» WHAT YOU ARE ASKED TO DO
Output exactly the lines below, starting with the line that has "# 草图2 → 切除-拉伸2 (cut)" and going on through the line that has "Line((-100, 60), (-95, 60))", both included, and no other lines.

» DATASET ENTRIES
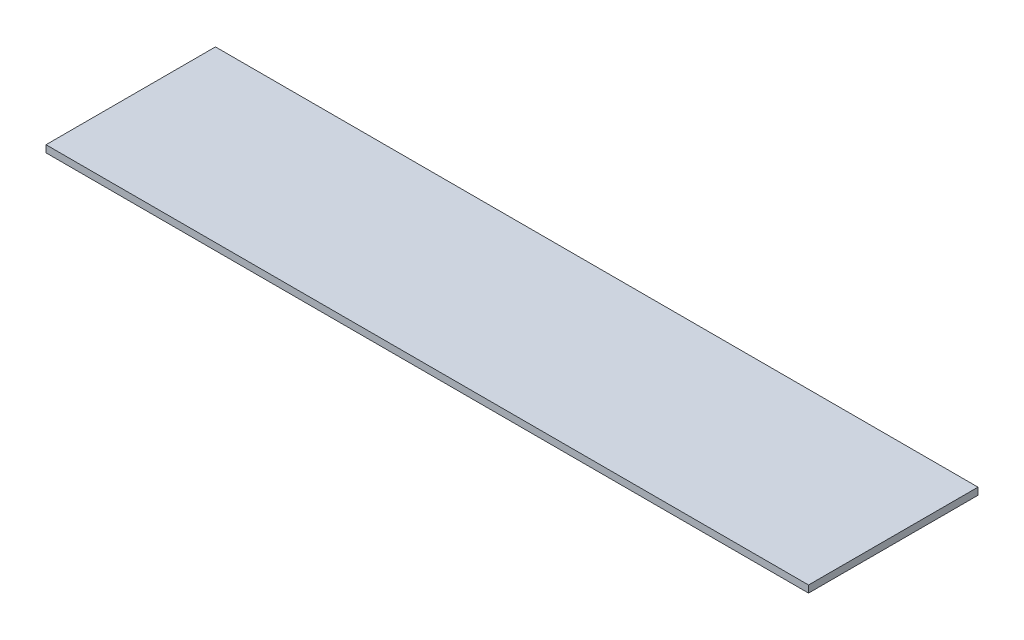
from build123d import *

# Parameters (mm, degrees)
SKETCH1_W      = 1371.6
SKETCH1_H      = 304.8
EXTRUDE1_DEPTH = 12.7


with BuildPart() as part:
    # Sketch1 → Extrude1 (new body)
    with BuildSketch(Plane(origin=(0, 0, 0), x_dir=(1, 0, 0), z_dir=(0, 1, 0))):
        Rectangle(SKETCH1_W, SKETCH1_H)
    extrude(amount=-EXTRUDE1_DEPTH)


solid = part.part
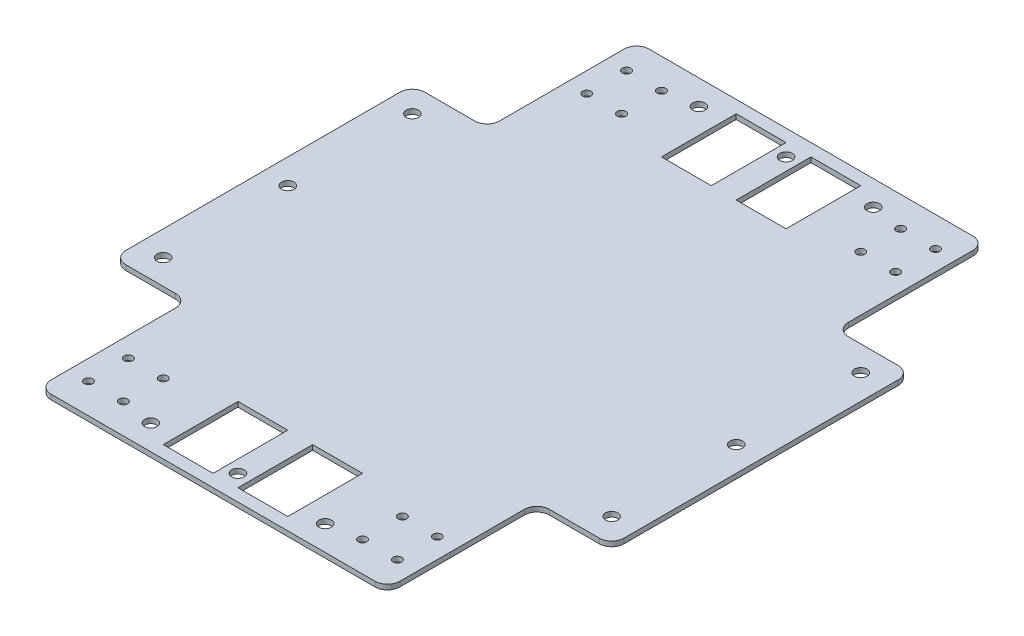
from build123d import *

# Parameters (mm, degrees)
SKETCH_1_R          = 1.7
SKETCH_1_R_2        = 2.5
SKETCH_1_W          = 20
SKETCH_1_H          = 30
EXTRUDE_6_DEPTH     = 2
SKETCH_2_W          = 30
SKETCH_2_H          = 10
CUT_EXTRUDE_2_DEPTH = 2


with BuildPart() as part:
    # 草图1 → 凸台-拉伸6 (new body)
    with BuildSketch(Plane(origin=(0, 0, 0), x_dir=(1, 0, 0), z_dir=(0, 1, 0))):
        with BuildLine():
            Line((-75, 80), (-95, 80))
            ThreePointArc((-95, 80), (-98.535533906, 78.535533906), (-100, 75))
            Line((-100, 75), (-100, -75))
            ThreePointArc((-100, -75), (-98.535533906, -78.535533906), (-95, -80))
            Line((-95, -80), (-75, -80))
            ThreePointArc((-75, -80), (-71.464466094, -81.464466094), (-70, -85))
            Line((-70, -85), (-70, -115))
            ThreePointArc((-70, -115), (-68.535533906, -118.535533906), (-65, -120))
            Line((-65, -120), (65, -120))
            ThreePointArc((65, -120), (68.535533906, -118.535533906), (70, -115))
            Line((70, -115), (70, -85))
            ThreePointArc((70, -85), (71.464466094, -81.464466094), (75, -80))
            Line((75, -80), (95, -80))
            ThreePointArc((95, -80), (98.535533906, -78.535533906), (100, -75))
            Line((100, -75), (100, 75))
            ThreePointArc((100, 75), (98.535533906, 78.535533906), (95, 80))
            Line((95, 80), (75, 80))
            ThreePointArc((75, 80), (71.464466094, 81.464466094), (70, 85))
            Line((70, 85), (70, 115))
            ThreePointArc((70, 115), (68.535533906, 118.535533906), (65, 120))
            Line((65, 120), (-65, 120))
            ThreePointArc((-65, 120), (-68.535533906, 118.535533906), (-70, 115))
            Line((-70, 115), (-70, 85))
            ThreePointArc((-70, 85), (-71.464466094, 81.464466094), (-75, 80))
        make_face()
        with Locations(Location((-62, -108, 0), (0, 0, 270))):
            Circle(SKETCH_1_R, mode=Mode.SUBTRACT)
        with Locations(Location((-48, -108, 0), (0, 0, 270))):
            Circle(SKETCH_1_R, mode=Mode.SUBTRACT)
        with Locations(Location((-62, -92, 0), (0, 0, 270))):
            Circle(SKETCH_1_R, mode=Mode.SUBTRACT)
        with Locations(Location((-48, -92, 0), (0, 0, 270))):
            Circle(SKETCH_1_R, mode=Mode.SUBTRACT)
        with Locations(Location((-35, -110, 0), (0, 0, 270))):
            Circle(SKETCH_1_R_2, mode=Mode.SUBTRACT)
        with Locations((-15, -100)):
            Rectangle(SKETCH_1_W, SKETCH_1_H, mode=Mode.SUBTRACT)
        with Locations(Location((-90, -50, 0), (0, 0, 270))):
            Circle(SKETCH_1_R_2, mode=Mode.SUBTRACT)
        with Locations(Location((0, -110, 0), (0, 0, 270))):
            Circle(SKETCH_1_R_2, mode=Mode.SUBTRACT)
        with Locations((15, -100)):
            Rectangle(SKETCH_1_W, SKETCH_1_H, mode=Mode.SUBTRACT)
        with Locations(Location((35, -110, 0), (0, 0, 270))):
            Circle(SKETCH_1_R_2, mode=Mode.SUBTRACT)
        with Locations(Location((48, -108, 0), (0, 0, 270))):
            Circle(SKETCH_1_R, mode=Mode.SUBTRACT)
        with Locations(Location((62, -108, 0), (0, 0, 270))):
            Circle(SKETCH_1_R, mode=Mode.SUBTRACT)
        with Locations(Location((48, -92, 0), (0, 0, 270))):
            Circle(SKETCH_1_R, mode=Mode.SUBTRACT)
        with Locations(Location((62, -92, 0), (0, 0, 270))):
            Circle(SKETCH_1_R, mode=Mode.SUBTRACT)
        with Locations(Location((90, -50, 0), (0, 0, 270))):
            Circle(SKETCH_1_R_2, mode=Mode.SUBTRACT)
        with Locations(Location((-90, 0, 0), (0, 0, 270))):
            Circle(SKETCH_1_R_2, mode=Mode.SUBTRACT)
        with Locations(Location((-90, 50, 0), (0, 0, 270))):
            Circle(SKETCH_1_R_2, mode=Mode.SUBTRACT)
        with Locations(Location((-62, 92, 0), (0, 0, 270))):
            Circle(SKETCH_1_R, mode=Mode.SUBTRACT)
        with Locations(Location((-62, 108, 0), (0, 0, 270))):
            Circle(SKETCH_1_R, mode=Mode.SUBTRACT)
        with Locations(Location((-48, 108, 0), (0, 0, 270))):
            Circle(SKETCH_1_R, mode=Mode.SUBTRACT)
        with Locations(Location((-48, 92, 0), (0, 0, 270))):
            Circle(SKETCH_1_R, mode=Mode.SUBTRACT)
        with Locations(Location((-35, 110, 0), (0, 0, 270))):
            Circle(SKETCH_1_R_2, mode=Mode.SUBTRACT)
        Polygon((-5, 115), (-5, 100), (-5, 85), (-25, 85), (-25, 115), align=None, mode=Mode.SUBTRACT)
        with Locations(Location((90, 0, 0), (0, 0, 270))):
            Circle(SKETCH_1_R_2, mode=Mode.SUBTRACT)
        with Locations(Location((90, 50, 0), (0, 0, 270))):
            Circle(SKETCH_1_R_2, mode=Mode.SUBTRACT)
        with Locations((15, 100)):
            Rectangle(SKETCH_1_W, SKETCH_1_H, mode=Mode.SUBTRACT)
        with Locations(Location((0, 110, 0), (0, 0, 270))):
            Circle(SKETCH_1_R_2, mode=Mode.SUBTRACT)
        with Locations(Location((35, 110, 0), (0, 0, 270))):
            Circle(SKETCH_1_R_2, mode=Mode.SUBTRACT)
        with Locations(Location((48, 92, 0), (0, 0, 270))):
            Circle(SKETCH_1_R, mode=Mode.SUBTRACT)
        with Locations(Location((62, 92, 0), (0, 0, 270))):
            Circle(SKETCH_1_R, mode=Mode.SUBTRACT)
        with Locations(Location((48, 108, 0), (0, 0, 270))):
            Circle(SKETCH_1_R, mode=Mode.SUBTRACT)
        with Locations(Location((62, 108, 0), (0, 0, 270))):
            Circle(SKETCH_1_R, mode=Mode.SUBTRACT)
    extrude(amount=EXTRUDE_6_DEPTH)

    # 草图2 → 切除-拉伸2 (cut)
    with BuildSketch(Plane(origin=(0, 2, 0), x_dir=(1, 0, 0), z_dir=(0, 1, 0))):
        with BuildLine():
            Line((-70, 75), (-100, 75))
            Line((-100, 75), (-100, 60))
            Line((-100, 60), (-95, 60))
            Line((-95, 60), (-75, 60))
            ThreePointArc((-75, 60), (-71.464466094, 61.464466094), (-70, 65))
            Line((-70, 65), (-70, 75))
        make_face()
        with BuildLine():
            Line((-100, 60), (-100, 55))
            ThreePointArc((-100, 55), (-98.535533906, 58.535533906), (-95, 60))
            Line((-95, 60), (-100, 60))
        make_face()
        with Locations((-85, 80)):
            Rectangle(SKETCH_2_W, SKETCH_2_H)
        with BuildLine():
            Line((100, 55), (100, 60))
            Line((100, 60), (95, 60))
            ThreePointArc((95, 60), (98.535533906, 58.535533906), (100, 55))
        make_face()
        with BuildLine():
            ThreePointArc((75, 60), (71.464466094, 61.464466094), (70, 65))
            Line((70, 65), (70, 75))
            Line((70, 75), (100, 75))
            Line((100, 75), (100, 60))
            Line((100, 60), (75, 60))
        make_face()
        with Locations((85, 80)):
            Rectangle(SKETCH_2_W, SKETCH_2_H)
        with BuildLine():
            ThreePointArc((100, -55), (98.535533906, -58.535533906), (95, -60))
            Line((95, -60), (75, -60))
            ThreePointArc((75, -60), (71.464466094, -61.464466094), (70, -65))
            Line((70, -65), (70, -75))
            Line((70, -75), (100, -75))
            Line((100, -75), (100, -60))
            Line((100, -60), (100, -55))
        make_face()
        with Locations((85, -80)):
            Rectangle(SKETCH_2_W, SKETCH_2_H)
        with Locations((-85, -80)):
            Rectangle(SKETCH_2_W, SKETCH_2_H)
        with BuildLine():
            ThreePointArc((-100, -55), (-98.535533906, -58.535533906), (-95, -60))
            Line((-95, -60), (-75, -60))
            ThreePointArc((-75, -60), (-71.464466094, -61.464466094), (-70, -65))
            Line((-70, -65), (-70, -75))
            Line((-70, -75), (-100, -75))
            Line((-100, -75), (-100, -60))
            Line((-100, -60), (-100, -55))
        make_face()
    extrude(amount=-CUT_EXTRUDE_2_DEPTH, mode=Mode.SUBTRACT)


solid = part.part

» RESULT
    # 草图2 → 切除-拉伸2 (cut)
    with BuildSketch(Plane(origin=(0, 2, 0), x_dir=(1, 0, 0), z_dir=(0, 1, 0))):
        with BuildLine():
            Line((-70, 75), (-100, 75))
            Line((-100, 75), (-100, 60))
            Line((-100, 60), (-95, 60))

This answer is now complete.